Separation and the Matrimonial Home

On separation, parties often have to make hard decisions regarding how they will split assets, who will pay support, and how they will move on from the relationship.  At this time, one of the most contentious and difficult items to deal with is the Matrimonial Home.  Who gets to keep it? Will the kids remain there? Do we have to sell it? How much equity do we each get?

The matrimonial home is such a significant asset of the marriage that there is a whole section of the Family Law Act (FLA) devoted just to it (see part 2 of the Family Law Act) 

Keep in mind that these provisions only apply to Married spouses (see CL vs. Married spouse post).  Common law couples only have property rights as far as their title interest goes.  If you are common law, and you are not on title to the property, you will have to consider other equitable remedies such as a constructive trust or resulting trust claim through litigation if you want a part of the home.

First, it’s a good idea to understand what the matrimonial home is.  S.18(1) of the FLA defines a matrimonial home as:

Every property in which a person has an interest and that is or, if the spouses have separated, was at the time of separation ordinarily occupied by the person and his or her spouse as their family residence is their matrimonial home.

What’s interesting here is that more than one home can qualify as a matrimonial home.  This means that if you own a cottage that the family uses regularly at the time of separation, this could be considered a matrimonial home as well.

So what if you moved into a home different from the one you lived in when you got married? Remember that this rule applies to properties that at the time of separation were ordinarily occupied by the person and their spouse.  Any other property you owned during the marriage that you no longer live in ordinarily is treated differently.

What if you have property outside of Ontario? Do we apply the same “matrimonial rules”? Unfortunately no.  This rule only applies to homes in Ontario as s. 28(1) of the FLA indicates.

 

What rights do I have to the Matrimonial Home?

Under the FLA s. 19(1) – both spouses have an equal right to possession of the matrimonial home, regardless of who is on title to the home (the owner).  This is a right not against the home itself, but against the other spouse.  This doesn’t mean that you have a right to take title to the home, but that you can enforce a right to live in the home through courts via an order for exclusive possession.

This remedy is provided under s. 24(1) of the FLA This is an extreme measure.  This is an order from the court saying one spouse has to leave their own home; a place where people build their lives and find security, which is a significant reason why the matrimonial home has its own section under the FLA.

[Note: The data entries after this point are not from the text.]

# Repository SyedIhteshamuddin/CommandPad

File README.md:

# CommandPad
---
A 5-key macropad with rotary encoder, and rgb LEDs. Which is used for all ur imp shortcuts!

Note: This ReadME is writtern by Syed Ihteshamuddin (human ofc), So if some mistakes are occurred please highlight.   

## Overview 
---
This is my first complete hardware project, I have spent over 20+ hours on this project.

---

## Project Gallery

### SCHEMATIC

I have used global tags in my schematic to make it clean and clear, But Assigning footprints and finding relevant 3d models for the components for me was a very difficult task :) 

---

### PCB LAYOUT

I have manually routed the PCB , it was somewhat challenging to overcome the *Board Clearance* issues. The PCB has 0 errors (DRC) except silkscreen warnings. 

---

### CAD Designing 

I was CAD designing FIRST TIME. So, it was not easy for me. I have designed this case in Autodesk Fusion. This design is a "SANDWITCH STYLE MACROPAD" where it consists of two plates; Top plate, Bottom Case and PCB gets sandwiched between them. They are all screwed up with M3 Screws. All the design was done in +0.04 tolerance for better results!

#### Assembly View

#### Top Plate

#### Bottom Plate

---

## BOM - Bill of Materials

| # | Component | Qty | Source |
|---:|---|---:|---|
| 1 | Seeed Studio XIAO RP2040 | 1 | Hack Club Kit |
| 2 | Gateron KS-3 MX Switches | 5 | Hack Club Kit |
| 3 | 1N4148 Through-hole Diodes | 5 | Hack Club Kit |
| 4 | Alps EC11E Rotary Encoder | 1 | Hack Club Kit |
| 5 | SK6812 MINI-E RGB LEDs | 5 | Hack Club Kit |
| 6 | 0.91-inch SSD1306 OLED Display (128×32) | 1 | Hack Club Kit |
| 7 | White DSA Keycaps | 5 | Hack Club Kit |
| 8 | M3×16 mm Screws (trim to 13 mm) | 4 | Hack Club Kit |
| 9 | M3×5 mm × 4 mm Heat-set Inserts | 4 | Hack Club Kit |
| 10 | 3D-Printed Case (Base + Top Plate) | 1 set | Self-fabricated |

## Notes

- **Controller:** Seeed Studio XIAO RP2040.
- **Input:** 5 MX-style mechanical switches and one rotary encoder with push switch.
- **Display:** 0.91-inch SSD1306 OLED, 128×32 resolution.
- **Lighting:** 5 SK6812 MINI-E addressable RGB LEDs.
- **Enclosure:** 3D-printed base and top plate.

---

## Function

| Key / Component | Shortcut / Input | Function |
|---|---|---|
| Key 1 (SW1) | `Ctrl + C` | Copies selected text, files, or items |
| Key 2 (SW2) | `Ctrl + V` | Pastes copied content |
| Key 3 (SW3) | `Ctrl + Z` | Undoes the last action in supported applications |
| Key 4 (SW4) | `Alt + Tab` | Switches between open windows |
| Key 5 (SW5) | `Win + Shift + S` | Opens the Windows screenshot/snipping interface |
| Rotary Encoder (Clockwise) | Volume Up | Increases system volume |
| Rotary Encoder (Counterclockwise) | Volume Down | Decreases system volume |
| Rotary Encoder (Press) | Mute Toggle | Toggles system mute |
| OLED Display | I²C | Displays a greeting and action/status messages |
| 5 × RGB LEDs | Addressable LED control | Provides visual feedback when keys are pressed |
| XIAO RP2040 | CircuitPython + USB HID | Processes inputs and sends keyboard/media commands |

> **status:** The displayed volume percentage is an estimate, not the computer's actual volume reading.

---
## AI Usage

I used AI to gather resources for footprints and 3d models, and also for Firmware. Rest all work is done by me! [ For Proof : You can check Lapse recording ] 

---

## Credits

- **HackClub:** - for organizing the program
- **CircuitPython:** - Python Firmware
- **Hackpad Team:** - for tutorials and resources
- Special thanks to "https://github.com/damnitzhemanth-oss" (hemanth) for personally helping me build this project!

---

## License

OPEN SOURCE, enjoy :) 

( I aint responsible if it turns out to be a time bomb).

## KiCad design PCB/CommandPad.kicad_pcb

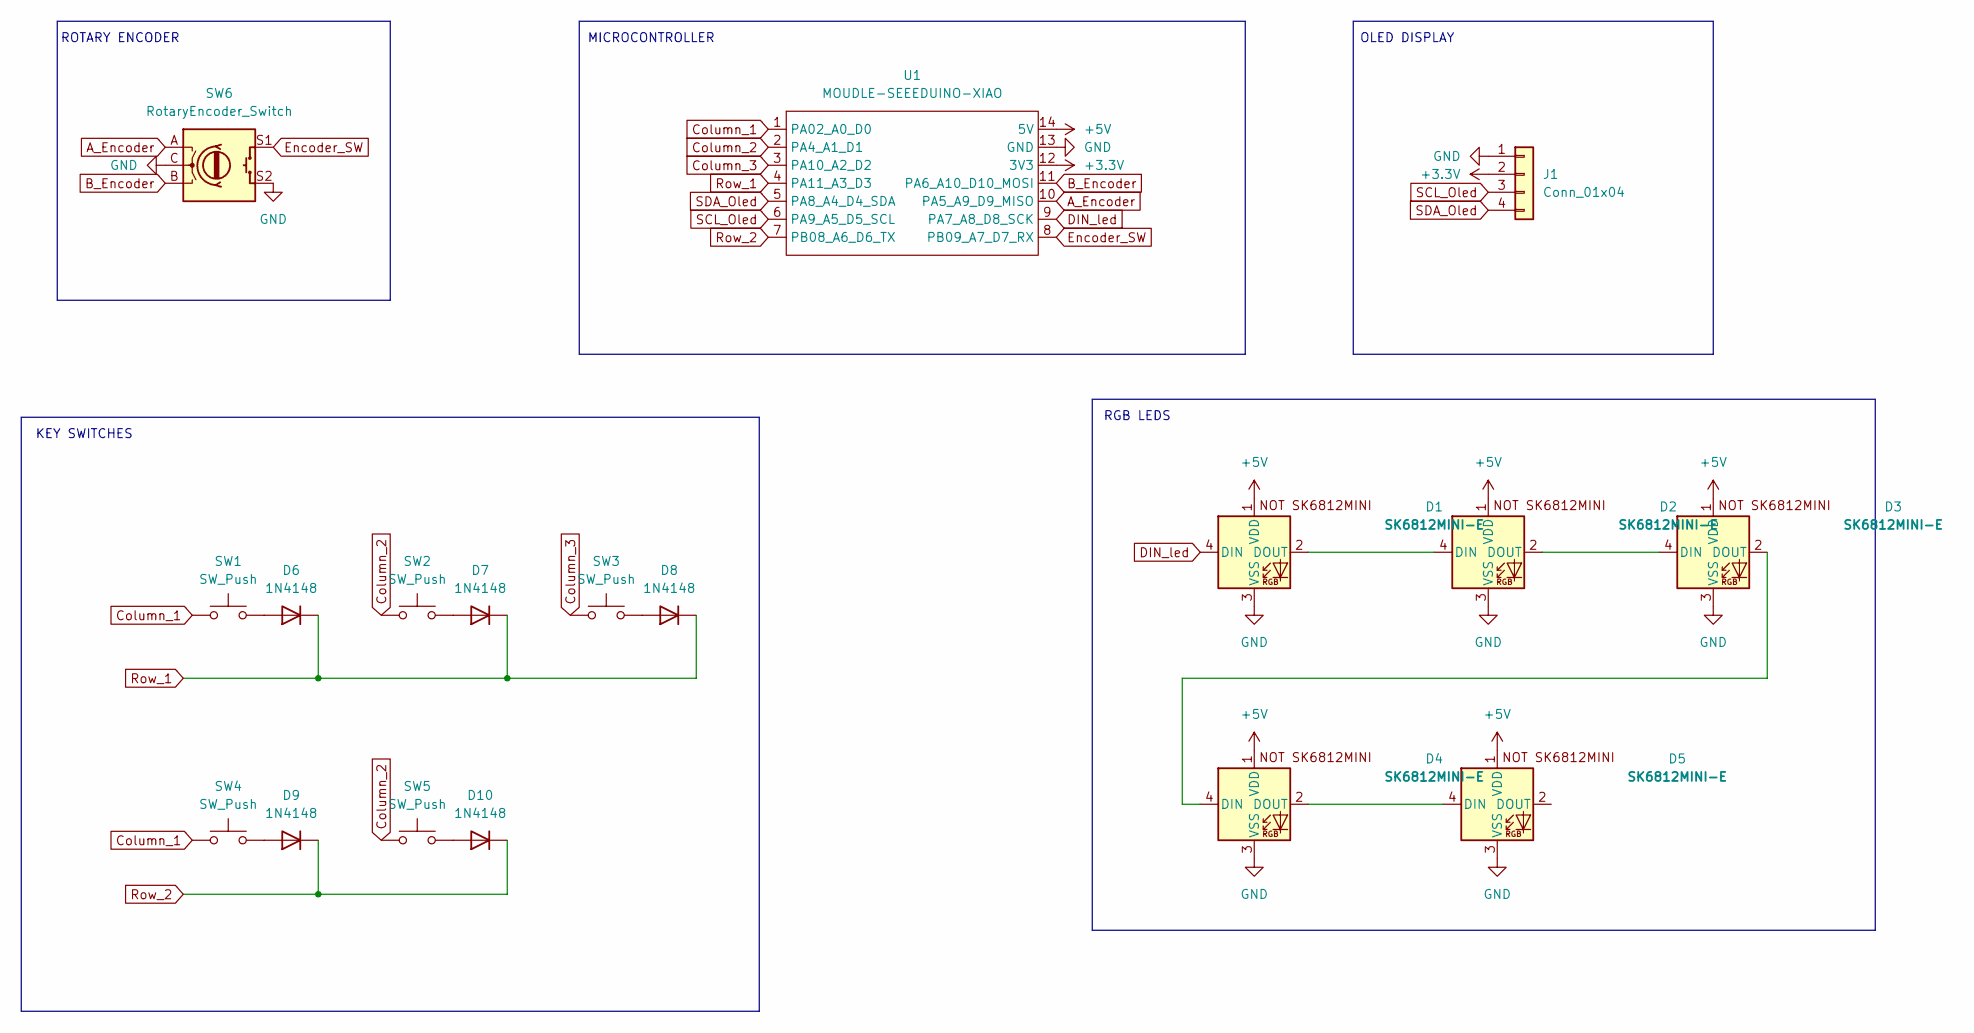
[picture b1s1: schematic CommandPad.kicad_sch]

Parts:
D1, D2, D3, D4, D5: SK6812MINI-E; SK6812MINI-E (sml pads)
D6, D7, D8, D9, D10: 1N4148; D_DO-35_SOD27_P7.62mm_Horizontal
J1: Conn_01x04; FanPinHeader_1x04_P2.54mm_Vertical
SW1, SW2, SW3, SW4, SW5: SW_Push; SW_Cherry_MX_1.00u_PCB
SW6: RotaryEncoder_Switch; RotaryEncoder_Alps_EC11E-Switch_Vertical_H20mm
U1: MOUDLE-SEEEDUINO-XIAO; XIAO-Generic-Hybrid-14P-2.54-21X17.8MM

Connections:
+3.3V: J1.2 (VCC), U1.12 (3V3)
+5V: D1.1 (VDD), D2.1 (VDD), D3.1 (VDD), D4.1 (VDD), D5.1 (VDD), U1.14 (5V)
A_Encoder: SW6.A, U1.10 (PA5_A9_D9_MISO)
B_Encoder: SW6.B, U1.11 (PA6_A10_D10_MOSI)
Column_1: SW1.1, SW4.1, U1.1 (PA02_A0_D0)
Column_2: SW2.1, SW5.1, U1.2 (PA4_A1_D1)
Column_3: SW3.1, U1.3 (PA10_A2_D2)
DIN_led: D1.4 (DIN), U1.9 (PA7_A8_D8_SCK)
Encoder_SW: SW6.S1, U1.8 (PB09_A7_D7_RX)
GND: D1.3 (VSS), D2.3 (VSS), D3.3 (VSS), D4.3 (VSS), D5.3 (VSS), J1.1 (GND), SW6.C, SW6.S2, U1.13 (GND)
unnamed: D1.2 (DOUT), D2.4 (DIN)
unnamed: D2.2 (DOUT), D3.4 (DIN)
unnamed: D3.2 (DOUT), D4.4 (DIN)
unnamed: D4.2 (DOUT), D5.4 (DIN)
unnamed: D6.2 (A), SW1.2
unnamed: D7.2 (A), SW2.2
unnamed: D8.2 (A), SW3.2
unnamed: D9.2 (A), SW4.2
unnamed: D10.2 (A), SW5.2
Row_1: D6.1 (K), D7.1 (K), D8.1 (K), U1.4 (PA11_A3_D3)
Row_2: D9.1 (K), D10.1 (K), U1.7 (PB08_A6_D6_TX)
SCL_Oled: J1.3 (SCL), U1.6 (PA9_A5_D5_SCL)
SDA_Oled: J1.4 (SDA), U1.5 (PA8_A4_D4_SDA)

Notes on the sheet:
ROTARY ENCODER
RGB LEDS
OLED DISPLAY
MICROCONTROLLER
KEY SWITCHES

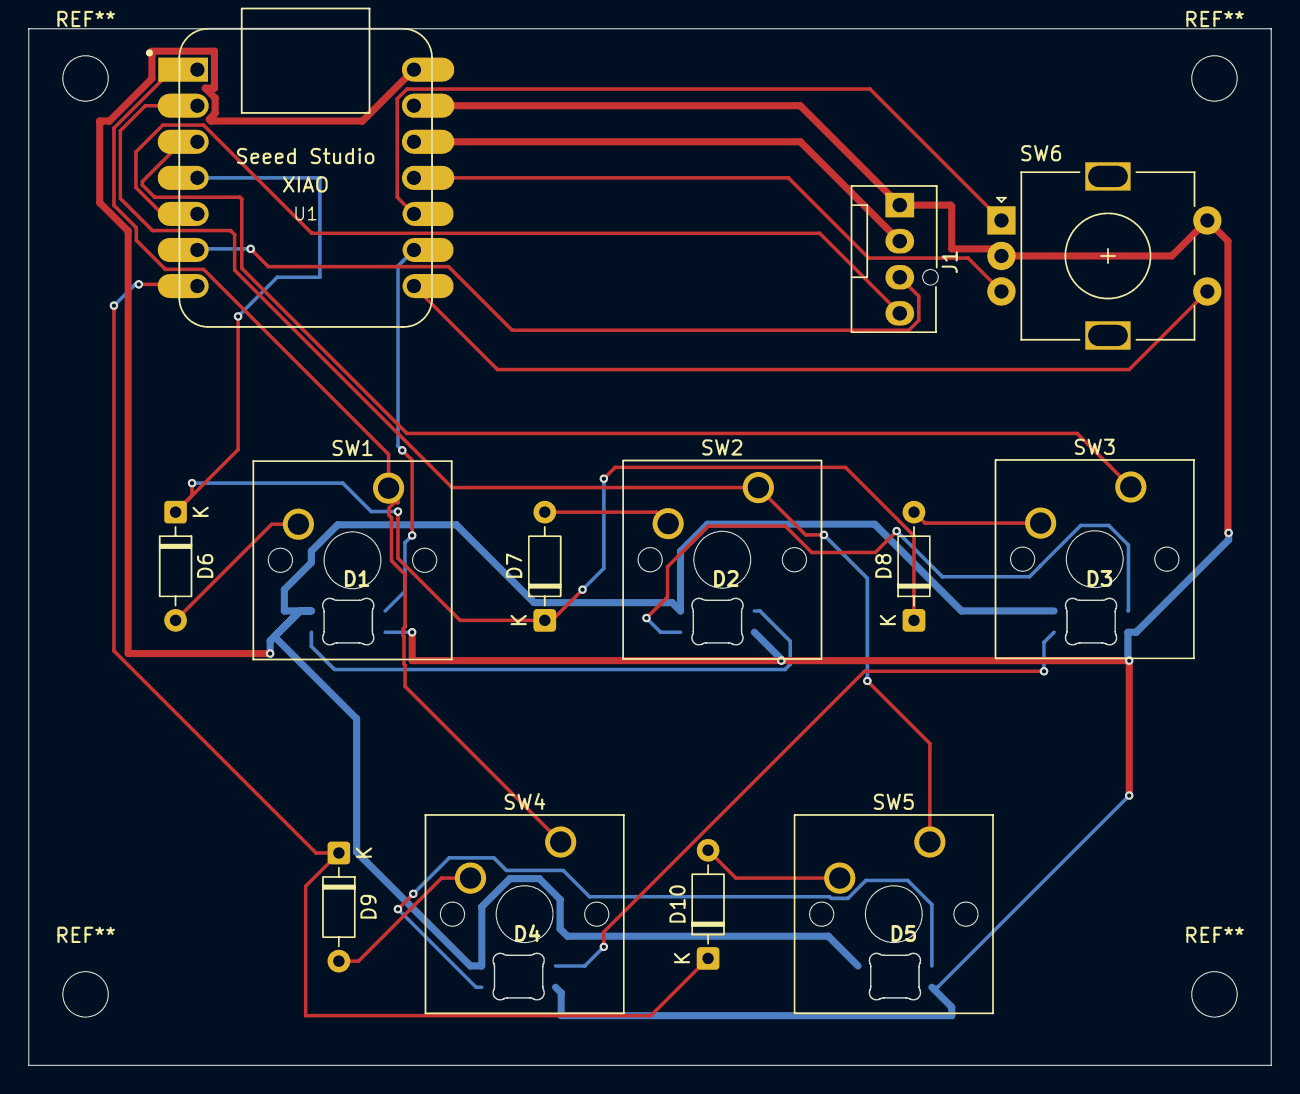
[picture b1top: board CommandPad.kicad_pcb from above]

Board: 2 copper layers, 87.5 x 73.0 mm, 18 parts (0 on the bottom side), 23 nets.

  1. 24(3) of the FLA provides criteria the courts will consider when granting an order for exclusive possession:
  2. the best interest of the children affected;
  3. Any existing orders under Part 1 (family property) and any existing support orders;
  4. The financial position of both spouses;
  5. Any written agreement between the parties;
  6. The availability of other suitable and affordable accommodation; and
  7. Any violence committed by a spouse against the other spouse or the children.

You also have a say in how the matrimonial home is to be disposed of or encumbered under s. 21(1) of the FLA.  Even if you are not on title, your ex spouse cannot sell the home, transfer it, or refinance it without your consent.

You are also entitled to the value of the home and how that is distributed.  See our post on equalization to understand how the home and other assets are distributed on separation.

Net Family Property and Equalization: An Introduction

Equalization is a payment from one spouse to the other at the end of a marriage.  This equalization payment ONLY applies to married spouses, not to common law spouses.  S. 5(1) of the Family Law Act (“FLA“) provides for Equalization when:

  1. A divorce is granted;
  2. Marriage is declared a nullity;
  3. When (married) spouses are separated and there is no reasonable prospect they will resume cohabitation.

One thing I often hear clients ask is whether they have to split 50% of everything.  While somewhat true, it is not entirely accurate.  The real definition of division according to s. 5(1) of the FLA is as follows: “the spouse whose net family property is the lesser of the two net family properties is entitled to a one-half difference between them”.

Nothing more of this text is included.